# my roof is blowing away!



## mayhem69 (Jan 25, 2010)

Hi, i have an older maybe 60 yr. old custom cape cod with big dormer.  Above the dormer the roofing material started to blow away last night after heavy winds.  My father in law called the material cold roll or something like that.  It looks like wide, maybe 3 or 4 ft. heavy roofing rolls layed down.   Anyway, the roof is in bad shape and needs replaced.  Also, the pitch isn't steep at all, and it is easy access to this roof, i just climb out my window and small ladder up.  Probably measures about 20x15ft., somewhere around 300 sq. ft.
Is this hard to replace?  How hard to tackle this job, what needs to be done?  I need professional suggestions please!  I am thinking about a rubber roof.


----------



## SJNServices (Jan 25, 2010)

A few tips for rolled roofing in windy areas. Sticks & Stones: Permanent Cure for A Mobile Home Tin Roof


----------



## oldognewtrick (Jan 25, 2010)

SJN's link will work, but newer generation peel and sticks are a lot cleaner insallation. GAF, Liberty or Certainteed, Flintlastic or ABC, Mule Hide are all peel and stick base and cap sheets. It still important to seal end laps and around the drip edge with roof cement.


----------



## SJNServices (Jan 25, 2010)

I have heard of the peel and sticks but have not had a chance to use it. Whats it like to work with and cost per square?


----------



## oldognewtrick (Jan 25, 2010)

SJNServices said:


> I have heard of the peel and sticks but have not had a chance to use it. Whats it like to work with and cost per square?

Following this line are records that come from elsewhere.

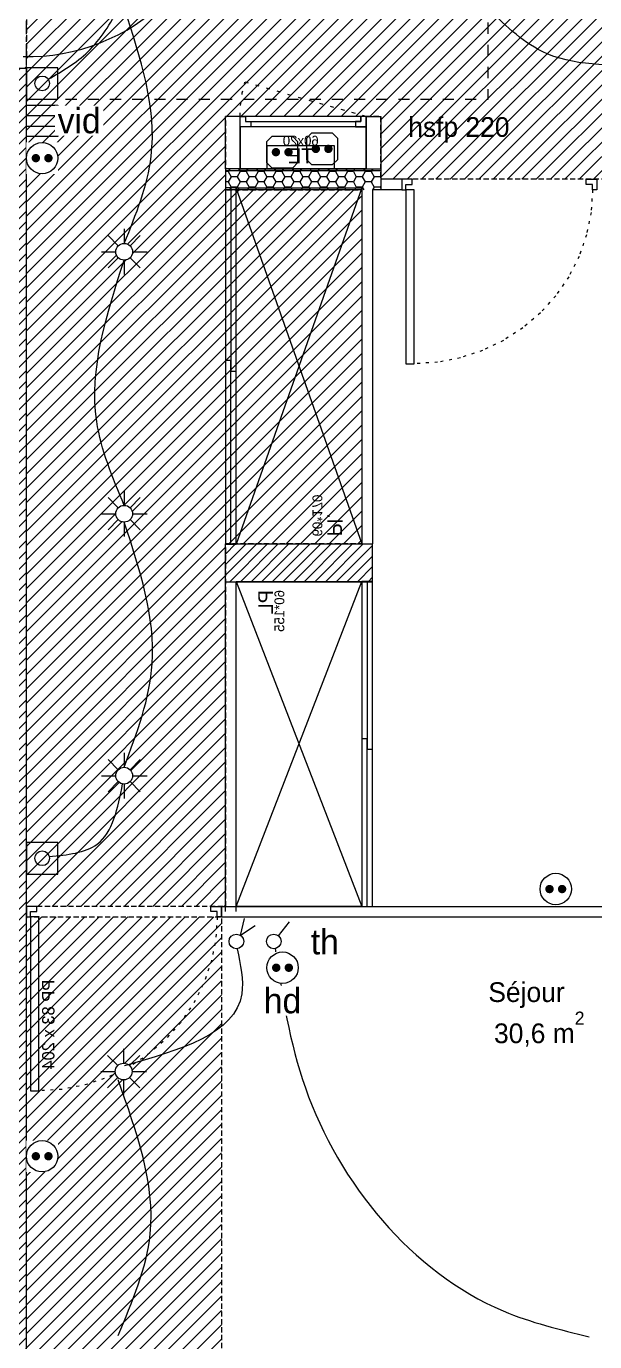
# Model space of a CAD drawing. Header units: centimetres. Extents: x 2738 to 7810, y 2495 to 5758.
# Drawn here: x 4355 to 4626, y 3162 to 3789 of the extents above; entities that cross this region are included whole.
import ezdxf

# ---------------------------------------------------------------- set-up
doc = ezdxf.new("R2010")
doc.units = ezdxf.units.CM
doc.header["$LTSCALE"] = 12.7
for name, pattern in [('Style de ligne -13', [0.295276, 0.19685, -0.098425]), ('Style de ligne -18', [0.328084, 0.109361, -0.218723]), ('Style de ligne -5', [0.41656, 0.13885, -0.27771]), ('VW-01', [0.83312, 0.41656, -0.41656])]:
    doc.linetypes.add(name, pattern=pattern)
for name, color, linetype, lineweight in [('B aménagement intérieur', 7, 'Continuous', 5), ('B Faux plafonds', 7, 'Continuous', 5), ('B GÈnÈral', 7, 'Continuous', 5), ('B Général', 7, 'Continuous', 5), ('C ANNOTATIONS-prestations', 7, 'Continuous', 5), ('C ANNOTATIONS-texte', 7, 'Continuous', 5), ('C ANNOTATIONS-texte surfaces', 7, 'Continuous', 5), ('F REMPLISSAGE-TE', 7, 'Continuous', 13), ('F REMPLISSAGE-TE-1', 7, 'Continuous', 5), ('prlm-ELEC-CFA', 1, 'Continuous', 25), ('prlm-ELEC-CFO', 1, 'Continuous', 25)]:
    doc.layers.add(name, color=color, linetype=linetype, lineweight=lineweight)
doc.styles.add('Eurostile', font='')
doc.styles.add('prlm-elec-cfa', font='comic.ttf', dxfattribs={"height": 12})
doc.styles.add('prlm-elec-cfo', font='comic.ttf', dxfattribs={"height": 12})
doc.styles.get('Eurostile').set_extended_font_data('Eurostile')
pattern_1 = [(45, (0, 0), (2.4253472, -2.6458333), [])]
pattern_2 = [(45, (4770.242, 3368.6165), (-3.527778, 3.30729), [])]
pattern_3 = [(180, (4877.8155, 3449.415), (-4.261364, -2.4603), [2.84091, -5.68182]), (300, (4877.8155, 3449.415), (4.261364, -2.4603), [2.84091, -5.68182]), (240, (4874.9745, 3444.4944), (-9e-09, -4.920599), [2.84091, -5.68182])]

# ---------------------------------------------------------------- blocks, each defined once
blk = doc.blocks.new('xi.PC')
at = {"color": 0, "lineweight": 5}
blk.add_wipeout([(-7.5, -7.5), (7.5, -7.5), (7.5, 7.5), (-7.5, 7.5)], dxfattribs=at).dxf.layer = 'prlm-ELEC-CFO'
at = {"layer": 'prlm-ELEC-CFO', "color": 0, "linetype": 'ByBlock', "lineweight": 5, "const_width": 2}
for points in [[(-4, 0, 1), (-2, 0, 1)], [(2, 0, 1), (4, 0, 1)]]:
    blk.add_lwpolyline(points, format="xyb", close=True, dxfattribs=at)
at = {"layer": 'prlm-ELEC-CFO', "color": 0, "linetype": 'ByBlock', "lineweight": -2}
blk.add_circle((0, 0), 7.5, dxfattribs=at)
blk = doc.blocks.new('xi.SPOT')
at = {"color": 0, "lineweight": 5}
blk.add_wipeout([(-4, 0), (-2.83, -2.83), (0, -4), (2.83, -2.83), (4, 0), (2.83, 2.83), (0, 4), (-2.83, 2.83)], dxfattribs=at).dxf.layer = 'prlm-ELEC-CFO'
at = {"layer": 'prlm-ELEC-CFO', "color": 0, "linetype": 'ByBlock', "lineweight": -2, "flags": 128}
for points in [[(-7.69, 7.69), (-2.83, 2.83)], [(0, 10.88), (0, 4)], [(7.69, 7.69), (2.83, 2.83)], [(-10.88, 0), (-4, 0)], [(4, 0), (10.88, 0)], [(-2.83, -2.83), (-7.69, -7.69)], [(0, -4), (0, -10.88)], [(2.83, -2.83), (7.69, -7.69)]]:
    blk.add_lwpolyline(points, dxfattribs=at)
at = {"layer": 'prlm-ELEC-CFO', "color": 0, "linetype": 'ByBlock', "lineweight": -2}
blk.add_circle((0, 0), 4, dxfattribs=at)
blk = doc.blocks.new('xi.BP')
at = {"layer": 'prlm-ELEC-CFO', "color": 0, "flags": 128}
blk.add_lwpolyline([(-7.5, -7.5), (7.5, -7.5), (7.5, 7.5), (-7.5, 7.5)], close=True, dxfattribs=at)
at = {"layer": 'prlm-ELEC-CFO', "color": 0}
blk.add_circle((0, 0), 3.5, dxfattribs=at)
blk = doc.blocks.new('xi.VID')
at = {"layer": 'prlm-ELEC-CFA', "color": 0, "linetype": 'ByBlock', "lineweight": -2, "flags": 128}
blk.add_lwpolyline([(-7.5, 7.5), (7.5, 7.5), (7.5, -7.5), (-7.5, -7.5)], close=True, dxfattribs=at)
at = {"layer": 'prlm-ELEC-CFA', "color": 0}
for points in [[(-7.5, 2.5), (7.5, 2.5)], [(-7.5, -2.5), (7.5, -2.5)]]:
    blk.add_lwpolyline(points, dxfattribs=at)
blk = doc.blocks.new('xi.PCGTL')
at = {"layer": 'prlm-ELEC-CFO', "color": 0, "lineweight": 0}
blk.add_lwpolyline([(-7.5, -5), (-5, -7.5), (5, -7.5), (7.5, -5), (7.5, 5), (5, 7.5), (-5, 7.5), (-7.5, 5)], close=True, dxfattribs=at)
at = {"layer": 'prlm-ELEC-CFO', "color": 0, "linetype": 'ByBlock', "lineweight": 5, "const_width": 2}
for points in [[(-4, 0, 1), (-2, 0, 1)], [(2, 0, 1), (4, 0, 1)]]:
    blk.add_lwpolyline(points, format="xyb", close=True, dxfattribs=at)
blk = doc.blocks.new('xi.VV')
at = {"layer": 'prlm-ELEC-CFO', "color": 0}
blk.add_lwpolyline([(6.95, 3.42), (0.01, -1.13), (1.91, 6.95)], dxfattribs=at)
blk.add_circle((-2, -4), 3.5, dxfattribs=at)
blk = doc.blocks.new('xi.SA')
at = {"layer": 'prlm-ELEC-CFO', "color": 0}
blk.add_lwpolyline([(0.2, -1.28), (5.5, 5.28)], dxfattribs=at)
blk.add_circle((-2, -4), 3.5, dxfattribs=at)
blk = doc.blocks.new('xi.PCHD')
at = {"color": 0, "lineweight": 5}
blk.add_wipeout([(-7.5, -7.5), (7.5, -7.5), (7.5, 7.5), (-7.5, 7.5)], dxfattribs=at).dxf.layer = 'prlm-ELEC-CFO'
at = {"layer": 'prlm-ELEC-CFO', "color": 0, "linetype": 'ByBlock', "lineweight": 5, "const_width": 2}
for points in [[(-4, 0, 1), (-2, 0, 1)], [(2, 0, 1), (4, 0, 1)]]:
    blk.add_lwpolyline(points, format="xyb", close=True, dxfattribs=at)
at = {"layer": 'prlm-ELEC-CFO', "color": 0, "linetype": 'ByBlock', "lineweight": -2}
blk.add_circle((0, 0), 7.5, dxfattribs=at)
blk = doc.blocks.new('PP 80')
at = {"layer": 'B Général', "flags": 128}
blk.add_lwpolyline([(-43, 2.5), (-43, 85.5), (-39, 85.5), (-39, 2.5)], close=True, dxfattribs=at)
at = {"layer": 'B Général', "linetype": 'Style de ligne -18', "lineweight": 5, "flags": 128}
blk.add_lwpolyline([(46, 2.5), (45.27, 13.33), (43.1, 23.98), (39.53, 34.26), (34.61, 44), (28.44, 53.03), (21.1, 61.19), (12.74, 68.35), (3.5, 74.38), (-6.47, 79.18), (-17, 82.67), (-27.91, 84.79), (-39, 85.5)], dxfattribs=at)
at = {"layer": 'B Général', "color": 7, "linetype": 'Continuous', "lineweight": 5, "flags": 128}
for points in [[(-45, 2.5), (-43, 2.5), (-43, 0), (-40, 0), (-40, -2.5), (-45, -2.5)], [(48, 2.5), (46, 2.5), (46, 0), (43, 0), (43, -2.5), (48, -2.5), (48, -2.5), (48, -2.5), (48, 1.79), (48, 1.79)]]:
    blk.add_lwpolyline(points, close=True, dxfattribs=at)
at = {"layer": 'C ANNOTATIONS-prestations', "insert": (-37.5, 32.5), "char_height": 5.8825, "attachment_point": 1, "rotation": 90, "line_spacing_factor": 0.894142, "style": 'Eurostile'}
blk.add_mtext('PP 83 x 204', dxfattribs=at)
blk = doc.blocks.new('Groupe-1')
at = {"layer": 'B Général', "flags": 128}
for points in [[(-31.46, -5.77), (-31.46, -0.77), (-28.96, -0.77), (-28.96, -3.27), (-26.46, -3.27), (-26.46, -5.77)], [(26.04, -0.77), (26.04, -3.27), (-28.96, -3.27), (-28.96, -0.77)], [(28.54, -5.77), (28.54, -0.77), (26.04, -0.77), (26.04, -3.27), (23.54, -3.27), (23.54, -5.77)]]:
    blk.add_lwpolyline(points, close=True, dxfattribs=at)
blk = doc.blocks.new('TE')
at = {"layer": 'B Général', "color": 7, "linetype": 'Style de ligne -5', "lineweight": 5}
blk.add_line((-31.46, -0.77), (26.39, 15.56), dxfattribs=at)
at = {"layer": 'B Général', "flags": 128}
blk.add_lwpolyline([(28.54, -5.77), (28.54, -25.77), (-31.46, -25.77), (-31.46, -5.77)], close=True, dxfattribs=at)
at = {"layer": 'B Général', "color": 7, "flags": 128}
blk.add_lwpolyline([(15.79, -14.77), (15.79, -25.77), (-16.46, -25.77), (-16.46, -14.77)], close=True, dxfattribs=at)
at = {"layer": 'B Général', "color": 7, "linetype": 'Style de ligne -5', "lineweight": 5}
blk.add_arc((-34.54, -0.77), 63.08, 359.99679, 14.9984, dxfattribs=at)
at = {"layer": 'B Général', "color": 7}
blk.add_blockref('Groupe-1', (0, 0), dxfattribs=at)
at = {"layer": 'B Général', "insert": (-0.34, -16.07), "char_height": 7.059, "width": 32.25, "attachment_point": 2, "line_spacing_factor": 0.894142, "style": 'Eurostile'}
blk.add_mtext('TE ', dxfattribs=at)
at = {"layer": 'C ANNOTATIONS-prestations', "insert": (-0.34, -14.77), "char_height": 4.706, "width": 32.25, "attachment_point": 8, "line_spacing_factor": 0.894142, "style": 'Eurostile'}
blk.add_mtext('60x20', dxfattribs=at)
blk = doc.blocks.new('Placard 60.155')
at = {"layer": 'B Général', "color": 7, "linetype": 'Continuous', "lineweight": 5}
for p, q in [((80, 30), (-75, -30)), ((-75, 30), (80, -30))]:
    blk.add_line(p, q, dxfattribs=at)
at = {"layer": 'B Général', "color": 7, "linetype": 'Continuous', "lineweight": 5, "flags": 128}
blk.add_lwpolyline([(80, -30), (80, 30), (-75, 30), (-75, -30)], dxfattribs=at)
at = {"layer": 'B Général', "color": 252, "linetype": 'Continuous', "lineweight": 5, "true_color": 0x888888, "flags": 128}
blk.add_lwpolyline([(80, -30), (80, -35), (-75, -35), (-75, -30)], close=True, dxfattribs=at)
at = {"layer": 'B Général', "color": 7, "linetype": 'Continuous', "lineweight": 5, "flags": 128}
for points in [[(80, -30), (80, -32.5), (0, -32.5), (0, -30)], [(5, -32.5), (5, -35), (-75, -35), (-75, -32.5)]]:
    blk.add_lwpolyline(points, close=True, dxfattribs=at)
at = {"layer": 'B Général', "color": 7, "insert": (-70.94, 19.46), "char_height": 7.059, "attachment_point": 1, "line_spacing_factor": 0.894142, "style": 'Eurostile'}
blk.add_mtext('PL', dxfattribs=at)
at = {"layer": 'C ANNOTATIONS-prestations', "insert": (-70.94, 9.32), "char_height": 4.706, "attachment_point": 4, "line_spacing_factor": 0.894142, "style": 'Eurostile'}
blk.add_mtext('60*155', dxfattribs=at)
blk = doc.blocks.new('Placard 60.170')
at = {"layer": 'B Général', "color": 7, "linetype": 'Continuous', "lineweight": 5}
for p, q in [((-85, 30.11), (85, -30)), ((85, 30), (-85, -30))]:
    blk.add_line(p, q, dxfattribs=at)
at = {"layer": 'B Général', "color": 7, "linetype": 'Continuous', "lineweight": 5, "flags": 128}
blk.add_lwpolyline([(85, -30), (85, 30), (-85, 30), (-85, -30)], dxfattribs=at)
at = {"layer": 'B Général', "color": 252, "linetype": 'Continuous', "lineweight": 5, "true_color": 0x888888, "flags": 128}
blk.add_lwpolyline([(85, -30), (85, -35), (-85, -35), (-85, -30)], close=True, dxfattribs=at)
at = {"layer": 'B Général', "color": 7, "linetype": 'Continuous', "lineweight": 5, "flags": 128}
for points in [[(85, -30), (85, -32.5), (-2.5, -32.5), (-2.5, -30)], [(2.5, -32.5), (2.5, -35), (-85, -35), (-85, -32.5)]]:
    blk.add_lwpolyline(points, close=True, dxfattribs=at)
at = {"layer": 'B Général', "color": 7, "insert": (-81.39, 20.5), "char_height": 7.059, "attachment_point": 1, "line_spacing_factor": 0.894142, "style": 'Eurostile'}
blk.add_mtext('Pl.', dxfattribs=at)
at = {"layer": 'C ANNOTATIONS-prestations', "insert": (-81.39, 8.72), "char_height": 4.706, "attachment_point": 4, "line_spacing_factor": 0.894142, "style": 'Eurostile'}
blk.add_mtext('60*170', dxfattribs=at)

msp = doc.modelspace()

# ---------------------------------------------------------------- hatches: boundary and pattern name
at = {"layer": 'B Faux plafonds', "linetype": 'Continuous', "lineweight": 5, "true_color": 0xaaaaaa}
h = msp.add_hatch(dxfattribs=at)
h.set_pattern_fill('F_P__SOFFITE', color=253, style=0, pattern_type=2)
h.set_pattern_definition(pattern_2)
h.paths.add_polyline_path([(4818.44, 3781.39), (4818.44, 3716.39), (4524.41, 3716.39), (4524.4, 3746.4), (4450.38, 3746.38), (4450.39, 3711.37), (4450.44, 3711.37), (4515.44, 3711.37), (4515.44, 3542.44), (4450.44, 3542.44), (4450.44, 3369.46), (4355.44, 3369.46), (4355.44, 3717.37), (4355.44, 3874.39), (4668.44, 3874.39), (4668.44, 3781.39)])
h = msp.add_hatch(dxfattribs=at)
h.set_pattern_fill('F_P__SOFFITE', color=253, style=0, pattern_type=2)
h.set_pattern_definition(pattern_2)
h.paths.add_polyline_path([(4355.44, 3364.46), (4448.44, 3364.46), (4448.44, 2917.4), (4355.44, 2917.4)])
at = {"layer": 'B GÈnÈral', "linetype": 'Continuous', "lineweight": 5}
h = msp.add_hatch(dxfattribs=at)
h.set_pattern_fill('50_BETON', style=0, pattern_type=2)
h.set_pattern_definition(pattern_1)
h.paths.add_polyline_path([(4337.44, 3769.29), (4337.44, 2576.4), (4355.44, 2592.4), (4355.44, 3769.29)])
h = msp.add_hatch(dxfattribs=at)
h.set_pattern_fill('PSE', angle=180, style=0, pattern_type=2)
h.set_pattern_definition(pattern_3)
h.paths.add_polyline_path([(4524.4, 3721.39), (4524.4, 3711.39), (4450.38, 3711.39), (4450.38, 3721.39)])
h = msp.add_hatch(dxfattribs=at)
h.set_pattern_fill('50_BETON', style=0, pattern_type=2)
h.set_pattern_definition(pattern_1)
h.paths.add_polyline_path([(4450.41, 3542.39), (4450.41, 3524.39), (4520.44, 3524.39), (4520.44, 3542.39)])
at = {"layer": 'F REMPLISSAGE-TE-1', "linetype": 'Continuous', "lineweight": 5}
h = msp.add_hatch(dxfattribs=at)
h.set_pattern_fill('PSE', angle=180, style=0, pattern_type=2)
h.set_pattern_definition(pattern_3)
h.paths.add_polyline_path([(4524.4, 3720.39), (4524.4, 3721.39), (4450.38, 3721.39), (4450.38, 3720.39)])
h = msp.add_hatch(dxfattribs=at)
h.set_pattern_fill('PSE', angle=180, style=0, pattern_type=2)
h.set_pattern_definition(pattern_3)
h.paths.add_polyline_path([(4524.4, 3711.39), (4524.4, 3720.39), (4450.38, 3720.39), (4450.38, 3711.39)])

# ---------------------------------------------------------------- linework, layer by layer
at = {"layer": 'B aménagement intérieur', "color": 7, "linetype": 'Style de ligne -13', "lineweight": 5, "flags": 128}
msp.add_lwpolyline([(4818.44, 3781.39), (4818.44, 3716.39), (4524.41, 3716.39), (4524.4, 3746.4), (4450.38, 3746.38), (4450.39, 3711.37), (4450.44, 3711.37), (4515.44, 3711.37), (4515.44, 3542.44), (4450.44, 3542.44), (4450.44, 3369.46), (4355.44, 3369.46), (4355.44, 3717.37), (4355.44, 3874.39), (4668.44, 3874.39), (4668.44, 3781.39)], close=True, dxfattribs=at)
at = {"layer": 'B aménagement intérieur', "color": 8, "linetype": 'Style de ligne -13', "lineweight": 5, "true_color": 0x808080, "flags": 128}
msp.add_lwpolyline([(4355.44, 3364.46), (4448.44, 3364.46), (4448.44, 2917.4), (4355.44, 2917.4)], close=True, dxfattribs=at)
at = {"layer": 'B Général', "linetype": 'Style de ligne -13', "lineweight": 5}
msp.add_line((4355.44, 3867.59), (4355.44, 3774.19), dxfattribs=at)
at = {"layer": 'B Général', "color": 7, "linetype": 'Continuous', "lineweight": 5}
for p, q in [((4355.44, 3769.29), (4337.44, 3769.29)), ((4355.44, 2602.4), (4355.44, 3769.29)), ((4450.39, 3721.39), (4450.39, 3746.37)), ((4457.39, 3746.37), (4450.39, 3746.37)), ((4457.39, 3721.39), (4457.39, 3746.37)), ((4517.4, 3746.39), (4517.4, 3721.39)), ((4517.4, 3746.39), (4524.4, 3746.39)), ((4524.4, 3746.39), (4524.4, 3721.39)), ((4457.39, 3721.39), (4450.39, 3721.39)), ((4517.4, 3721.39), (4524.4, 3721.39)), ((4534.41, 3716.39), (4524.4, 3716.39)), ((4534.41, 3716.39), (4534.41, 3711.39)), ((4539.41, 3716.39), (4534.41, 3716.39)), ((4534.41, 3716.39), (4534.41, 3711.39)), ((4539.41, 3713.89), (4539.41, 3716.39)), ((4515.44, 3711.39), (4515.44, 3542.44)), ((4520.44, 3711.39), (4520.44, 3542.44)), ((4534.41, 3711.39), (4524.4, 3711.39)), ((4534.41, 3711.39), (4536.41, 3711.39)), ((4536.41, 3711.39), (4536.41, 3713.89)), ((4536.41, 3713.89), (4539.41, 3713.89)), ((4450.41, 3542.39), (4520.44, 3542.39)), ((4450.41, 3524.39), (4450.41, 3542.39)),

Steve, if you ever try one you will never mess with a bucket of roof cement again. They are clean, easy and a excellent product. We put down a 2-ply base, then 3X3 drip edge then apply the cap sheet. Take a 80# roller and roll it out and you are about done.

2 square base is about $80.00 and the 1 square cap is also about $80.00 plus drip edge and tubes of roofing cement. We usually screw down a 1/2" wood fiber board and screw down the first layer of base with screws and 3" plates. Makes for a great system. They also come in a varity of colors and Certainteed has some COOL (energy star) colors.


----------



## oldognewtrick (Jan 25, 2010)

Mayhem, rubber (epdm) is a great product IF installed correctly, but remember it has NO, NO warranty on residential applications.


----------



## 911handyman (Jan 26, 2010)

Look at the link here they make great products, for all your needs and the warranty is great.Carlisle SynTec single-ply membrane roofing systems and materials for the commercial and industrial roofing industry.

This is the kind i would use, its better than a rubber roof. Used a lot on commercial applications.


----------



## mayhem69 (Jan 26, 2010)

oldog/newtrick said:


> Mayhem, rubber (epdm) is a great product IF installed correctly, but remember it has NO, NO warranty on residential applications.



no warranty really?  that doesn't make sense.


----------



## oldognewtrick (Jan 26, 2010)

No rubber roof MFg warrants their material on residences because of foot traffic. On commercial applications, specified walk mats are applied to service HVAC units. I've seen homeowners walk on roofs with golf shoes on....really.


----------



## handyguys (Jan 26, 2010)

I'm looking forward to try the self stick two ply systems. I have done a few modified bitumen torch downs which scare me. When I have done torch downs I always had someone checking below for potential fire, had hoses, fire extinguishers and cell phone on standby.

What is sad is the roof in those pics is probably that rolled roofing stuff sold at the home center which is NOT good for low slope roofs in my opinion.


----------



## oldognewtrick (Jan 26, 2010)

handyguys said:


> I'm looking forward to try the self stick two ply systems. I have done a few modified bitumen torch downs which scare me. When I have done torch downs I always had someone checking below for potential fire, had hoses, fire extinguishers and cell phone on standby.
> 
> What is sad is the roof in those pics is probably that rolled roofing stuff sold at the home center which is NOT good for low slope roofs in my opinion.



Handy Guy, the problem with torch down is not (usually) the immediate risk of fire, it usually catches about 8-10 hours later when its had a chance to smolder. Don't ask how I know this or did you know that mop heads will combust after the outer, hot tar has hardened. The list goes on.....we didn't burn one down but the roof was smoking the next morning when the crew returned to the job site. That was the end of torch downs.


----------